### WHAT IS BEING ASKED
Starting at the line below holding "157.928932188), (95, 155))" and stopping at the line holding "Line((150, 300), (150, 255))", print every line exactly, both ends included, and leave the rest out.

### INPUT DATA
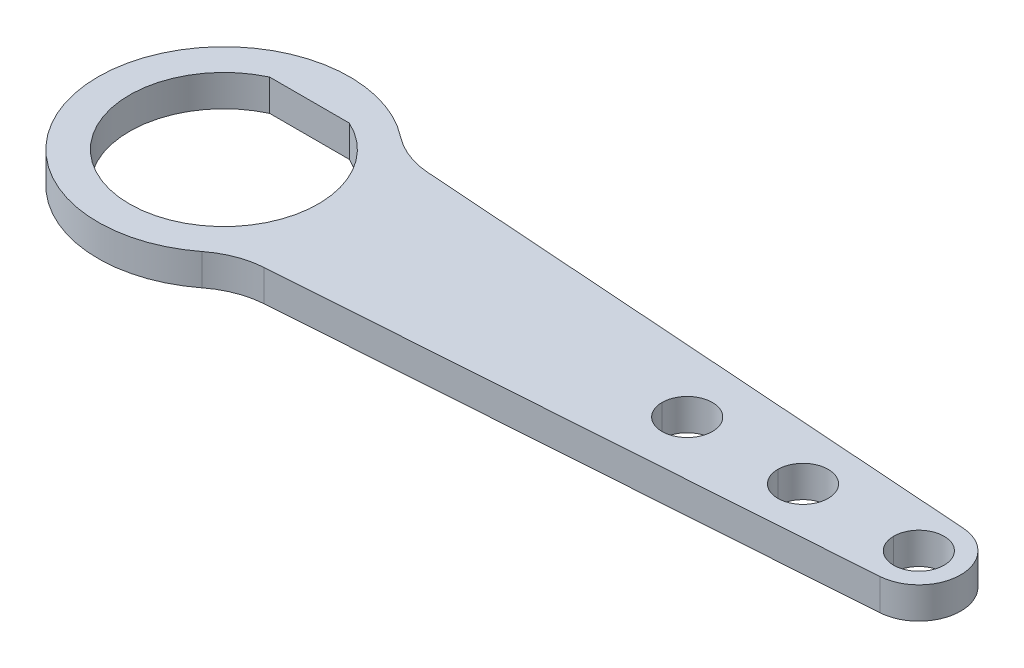
from build123d import *

# Parameters (mm, degrees)
SKETCH1_R               = 2.54
BOSS_EXTRUDE1_DEPTH     = 3.175
CUT_EXTRUDE1_DEPTH      = 76.467099971
CUT_EXTRUDE1_DEPTH_BACK = 76.467099971


with BuildPart() as part:
    # Sketch1 → Boss-Extrude1 (new body)
    with BuildSketch(Plane(origin=(0, 0, 0), x_dir=(1, 0, 0), z_dir=(0, 1, 0))):
        with BuildLine():
            Line((70.398754346, 4.208719598), (12.331459303, 8.275416651))
            ThreePointArc((12.331459303, 8.275416651), (9.945619767, 8.804529388), (7.81864817, 10.007933893))
            ThreePointArc((7.81864817, 10.007933893), (-12.7, 0), (7.81864817, -10.007933893))
            ThreePointArc((7.81864817, -10.007933893), (9.945619767, -8.804529388), (12.331459303, -8.275416651))
            Line((12.331459303, -8.275416651), (70.398754346, -4.208719598))
            ThreePointArc((70.398754346, -4.208719598), (74.323028417, 0), (70.398754346, 4.208719598))
        make_face()
        with Locations((70.104, 0)):
            Circle(SKETCH1_R, mode=Mode.SUBTRACT)
        with Locations((58.42, 0)):
            Circle(SKETCH1_R, mode=Mode.SUBTRACT)
        with Locations((46.736, 0)):
            Circle(SKETCH1_R, mode=Mode.SUBTRACT)
    extrude(amount=BOSS_EXTRUDE1_DEPTH)

    # Sketch3 → Cut-Extrude1 (cut, two sides: drawn at the far end of the back side and taken through both)
    with BuildSketch(Plane(origin=(0, 0, 0), x_dir=(1, 0, 0), z_dir=(0, 1, 0)).offset(-CUT_EXTRUDE1_DEPTH_BACK)):
        with BuildLine():
            Line((-4.018100173, 8.636), (4.018100173, 8.636))
            ThreePointArc((4.018100173, 8.636), (0, -9.525), (-4.018100173, 8.636))
        make_face()
    extrude(amount=CUT_EXTRUDE1_DEPTH + CUT_EXTRUDE1_DEPTH_BACK, mode=Mode.SUBTRACT)


solid = part.part
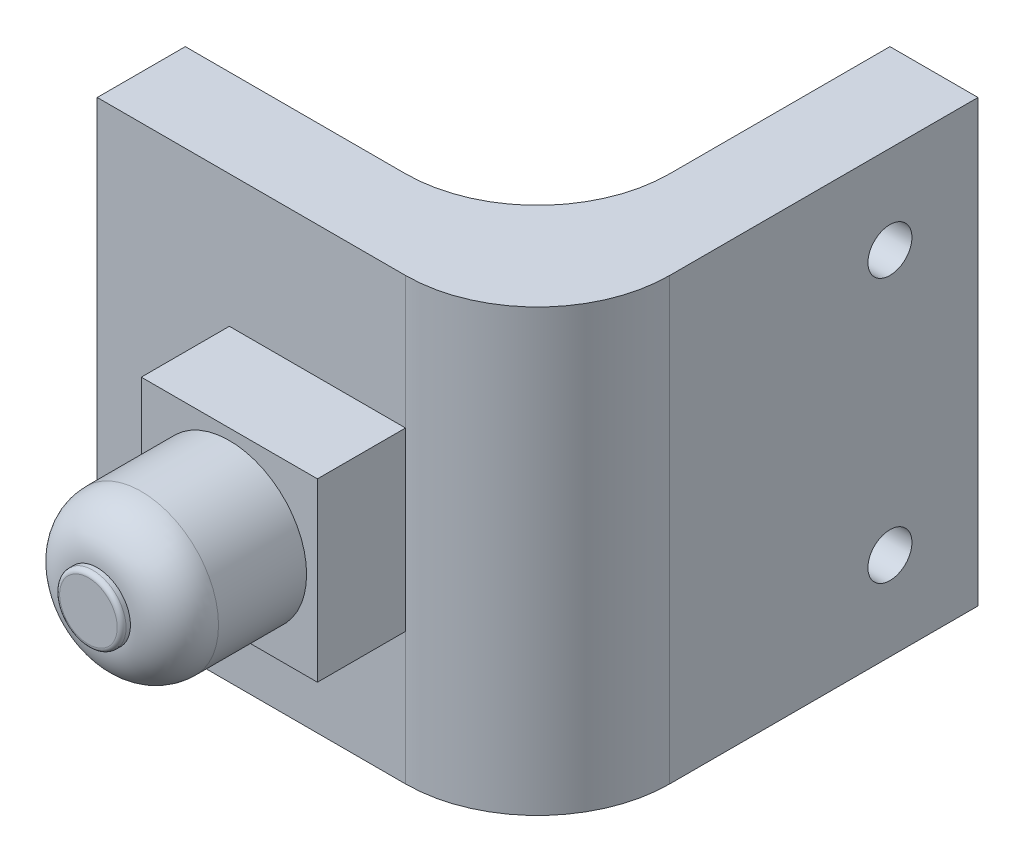
from build123d import *

# Parameters (mm, degrees)
BOSS_EXTRUDE1_DEPTH = 50
SKETCH2_R           = 2.5
CUT_EXTRUDE2_DEPTH  = 50
SKETCH3_W           = 20
SKETCH3_H           = 20
BOSS_EXTRUDE2_DEPTH = 10
SKETCH4_R           = 8.769113897
BOSS_EXTRUDE3_DEPTH = 15
FILLET1_R           = 5
FILLET2_R           = 15
FILLET3_R           = 15
SKETCH7_R           = 3.769113897
BOSS_EXTRUDE4_DEPTH = 1
FILLET5_R           = 0.5


with BuildPart() as part:
    # Sketch1 → Boss-Extrude1 (new body)
    with BuildSketch(Plane(origin=(0, 0, 0), x_dir=(1, 0, 0), z_dir=(0, 1, 0))):
        Polygon((0, 0), (50, 0), (50, 50), (40, 50), (40, 10), (0, 10), align=None)
    extrude(amount=BOSS_EXTRUDE1_DEPTH)

    # Sketch2 → Cut-Extrude2 (cut)
    with BuildSketch(Plane.ZY.offset(-40)):
        with Locations((-40, 10)):
            Circle(SKETCH2_R)
        with Locations((-40, 40)):
            Circle(SKETCH2_R)
    extrude(amount=-CUT_EXTRUDE2_DEPTH, mode=Mode.SUBTRACT)

    # Sketch3 → Boss-Extrude2 (add)
    with BuildSketch(Plane.XY):
        with Locations((25, 25)):
            Rectangle(SKETCH3_W, SKETCH3_H)
    extrude(amount=BOSS_EXTRUDE2_DEPTH)

    # Sketch4 → Boss-Extrude3 (add)
    with BuildSketch(Plane.XY.offset(10)):
        with Locations((25, 25)):
            Circle(SKETCH4_R)
    extrude(amount=BOSS_EXTRUDE3_DEPTH)

    # Fillet1
    fillet1_edges = [part.edges().sort_by_distance(p)[0] for p in [
        (16.230886103, 25, 25),
    ]]
    fillet(fillet1_edges, radius=FILLET1_R)

    # Fillet2
    fillet2_edges = [part.edges().sort_by_distance(p)[0] for p in [
        (40, 25, -10),
    ]]
    fillet(fillet2_edges, radius=FILLET2_R)

    # Fillet3
    fillet3_edges = [part.edges().sort_by_distance(p)[0] for p in [
        (50, 25, 0),
    ]]
    fillet(fillet3_edges, radius=FILLET3_R - 0.0001)  # a hair under: the kernel refuses the full size

    # Sketch7 → Boss-Extrude4 (add)
    with BuildSketch(Plane.XY.offset(25)):
        with Locations((25, 25)):
            Circle(SKETCH7_R)
    extrude(amount=BOSS_EXTRUDE4_DEPTH)

    # Fillet5
    fillet5_edges = [part.edges().sort_by_distance(p)[0] for p in [
        (21.230886103, 25, 26),
    ]]
    fillet(fillet5_edges, radius=FILLET5_R)


solid = part.part
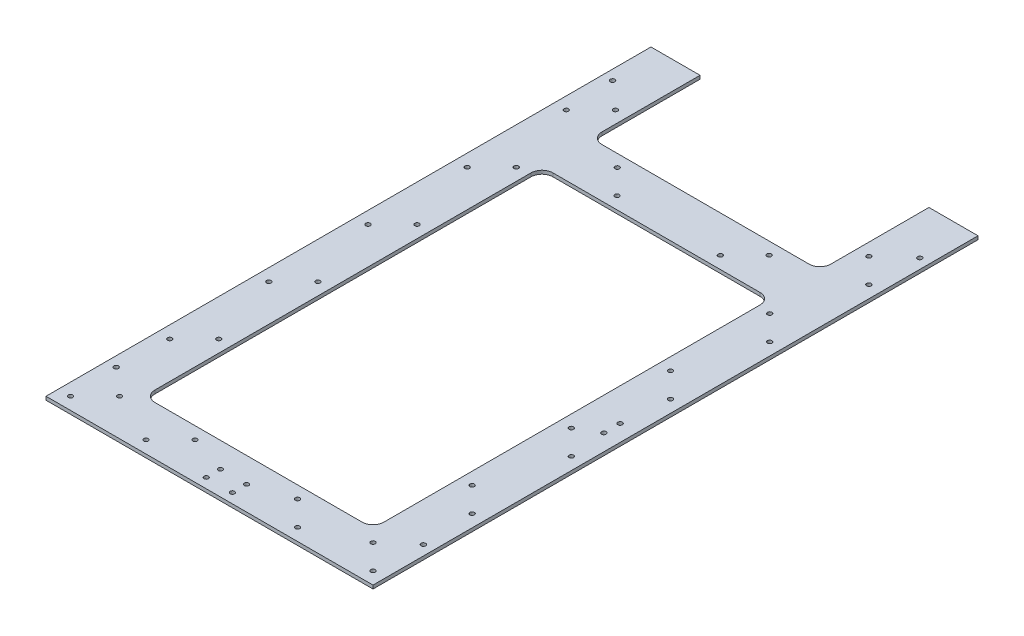
from build123d import *

# Parameters (mm, degrees)
SKETCH1_W           = 300
SKETCH1_H           = 600
BOSS_EXTRUDE1_DEPTH = 3.175
CUT_EXTRUDE1_DEPTH  = 10
SKETCH4_R           = 2.05
CUT_EXTRUDE2_DEPTH  = 51
SKETCH5_R           = 2.1
CUT_EXTRUDE3_DEPTH  = 67
SKETCH7_R           = 2.05
CUT_EXTRUDE4_DEPTH  = 10
SKETCH8_R           = 2.1
CUT_EXTRUDE5_DEPTH  = 10


with BuildPart() as part:
    # Sketch1 → Boss-Extrude1 (new body)
    with BuildSketch(Plane(origin=(0, 0, 0), x_dir=(1, 0, 0), z_dir=(0, 1, 0))):
        Rectangle(SKETCH1_W, SKETCH1_H)
    extrude(amount=BOSS_EXTRUDE1_DEPTH)

    # Sketch3 → Cut-Extrude1 (cut)
    with BuildSketch(Plane(origin=(0, 3.175, 0), x_dir=(1, 0, 0), z_dir=(0, 1, 0))):
        with BuildLine():
            Line((-95, -255), (95, -255))
            ThreePointArc((95, -255), (102.071067812, -252.071067812), (105, -245))
            Line((105, -245), (105, 100))
            ThreePointArc((105, 100), (102.071067812, 107.071067812), (95, 110))
            Line((95, 110), (-95, 110))
            ThreePointArc((-95, 110), (-102.071067812, 107.071067812), (-105, 100))
            Line((-105, 100), (-105, -245))
            ThreePointArc((-105, -245), (-102.071067812, -252.071067812), (-95, -255))
        make_face()
        with BuildLine():
            Line((105, 255), (105, 165))
            ThreePointArc((105, 165), (102.071067812, 157.928932188), (95, 155))
            Line((95, 155), (-95, 155))
            ThreePointArc((-95, 155), (-102.071067992, 157.928932157), (-105.000000511, 165))
            Line((-105.000000511, 165), (-105.000005107, 255))
            Line((-105.000005107, 255), (-150, 255))
            Line((-150, 255), (-150, 300))
            Line((-150, 300), (150, 300))
            Line((150, 300), (150, 255))
            Line((150, 255), (105, 255))
        make_face()
    extrude(amount=-CUT_EXTRUDE1_DEPTH, mode=Mode.SUBTRACT)

    # Sketch4 → Cut-Extrude2 (cut)
    with BuildSketch(Plane(origin=(0, 3.175, 0), x_dir=(1, 0, 0), z_dir=(0, 1, 0))):
        with Locations((12, -291)):
            Circle(SKETCH4_R)
        with Locations((-12, -291)):
            Circle(SKETCH4_R)
        with Locations((-12, -278)):
            Circle(SKETCH4_R)
        with Locations((12, -278)):
            Circle(SKETCH4_R)
    extrude(amount=-CUT_EXTRUDE2_DEPTH, mode=Mode.SUBTRACT)

    # Sketch5 → Cut-Extrude3 (cut)
    with BuildSketch(Plane(origin=(0, 3.175, 0), x_dir=(1, 0, 0), z_dir=(0, 1, 0))):
        with Locations((135, -73.264775169)):
            Circle(SKETCH5_R)
        with Locations((135, -58.264775169)):
            Circle(SKETCH5_R)
    extrude(amount=-CUT_EXTRUDE3_DEPTH, mode=Mode.SUBTRACT)

    # Sketch7 → Cut-Extrude4 (cut)
    with BuildSketch(Plane(origin=(0, 3.175, 0), x_dir=(1, 0, 0), z_dir=(0, 1, 0))):
        with Locations((138.75, -288.75)):
            Circle(SKETCH7_R)
        with Locations((116.25, -266.25)):
            Circle(SKETCH7_R)
        with Locations((47.023601507, -266.25)):
            Circle(SKETCH7_R)
        with Locations((69.523601507, -288.75)):
            Circle(SKETCH7_R)
        with Locations((116.25, -175.280895489)):
            Circle(SKETCH7_R)
        with Locations((138.75, -197.780895489)):
            Circle(SKETCH7_R)
        with Locations((116.25, -84.311790979)):
            Circle(SKETCH7_R)
        with Locations((138.75, -106.811790979)):
            Circle(SKETCH7_R)
        with Locations((116.25, 6.657313532)):
            Circle(SKETCH7_R)
        with Locations((138.75, -15.842686468)):
            Circle(SKETCH7_R)
        with Locations((116.25, 97.626418043)):
            Circle(SKETCH7_R)
        with Locations((138.75, 75.126418043)):
            Circle(SKETCH7_R)
        with Locations((116.25, 188.595522553)):
            Circle(SKETCH7_R)
        with Locations((138.75, 166.095522553)):
            Circle(SKETCH7_R)
        with Locations((138.75, 257.064627064)):
            Circle(SKETCH7_R)
        with Locations((47.357849803, 121.25)):
            Circle(SKETCH7_R)
        with Locations((69.635017605, 143.75)):
            Circle(SKETCH7_R)
        with Locations((-47.357849803, 121.25)):
            Circle(SKETCH7_R)
        with Locations((-69.635017605, 143.75)):
            Circle(SKETCH7_R)
        with Locations((-138.75, 257.064627064)):
            Circle(SKETCH7_R)
        with Locations((-116.25, 188.595522553)):
            Circle(SKETCH7_R)
        with Locations((-138.75, 166.095522553)):
            Circle(SKETCH7_R)
        with Locations((-138.75, 75.126418043)):
            Circle(SKETCH7_R)
        with Locations((-116.25, 6.657313532)):
            Circle(SKETCH7_R)
        with Locations((-116.25, 97.626418043)):
            Circle(SKETCH7_R)
        with Locations((-116.25, -84.311790979)):
            Circle(SKETCH7_R)
        with Locations((-138.75, -15.842686468)):
            Circle(SKETCH7_R)
        with Locations((-138.75, -106.811790979)):
            Circle(SKETCH7_R)
        with Locations((-116.25, -175.280895489)):
            Circle(SKETCH7_R)
        with Locations((-138.75, -197.780895489)):
            Circle(SKETCH7_R)
        with Locations((-116.25, -266.25)):
            Circle(SKETCH7_R)
        with Locations((-138.75, -288.75)):
            Circle(SKETCH7_R)
        with Locations((-47.023601507, -266.25)):
            Circle(SKETCH7_R)
        with Locations((-69.523601507, -288.75)):
            Circle(SKETCH7_R)
    extrude(amount=-CUT_EXTRUDE4_DEPTH, mode=Mode.SUBTRACT)

    # Sketch8 → Cut-Extrude5 (cut)
    with BuildSketch(Plane(origin=(0, 3.175, 0), x_dir=(1, 0, 0), z_dir=(0, 1, 0))):
        with Locations((140.932258065, 210.665995932)):
            Circle(SKETCH8_R)
        with Locations((140.932258065, -244.725676292)):
            Circle(SKETCH8_R)
    cut_extrude5 = extrude(amount=-CUT_EXTRUDE5_DEPTH, mode=Mode.SUBTRACT)

    # Mirror1: Cut-Extrude5 across plane
    add(cut_extrude5.mirror(Plane(origin=(0, 0, 0), x_dir=(0, 0, 1), z_dir=(1, 0, 0))), mode=Mode.SUBTRACT)


solid = part.part

### RESULT FOR THIS EXERCISE
            ThreePointArc((105, 165), (102.071067812, 157.928932188), (95, 155))
            Line((95, 155), (-95, 155))
            ThreePointArc((-95, 155), (-102.071067992, 157.928932157), (-105.000000511, 165))
            Line((-105.000000511, 165), (-105.000005107, 255))
            Line((-105.000005107, 255), (-150, 255))
            Line((-150, 255), (-150, 300))
            Line((-150, 300), (150, 300))
            Line((150, 300), (150, 255))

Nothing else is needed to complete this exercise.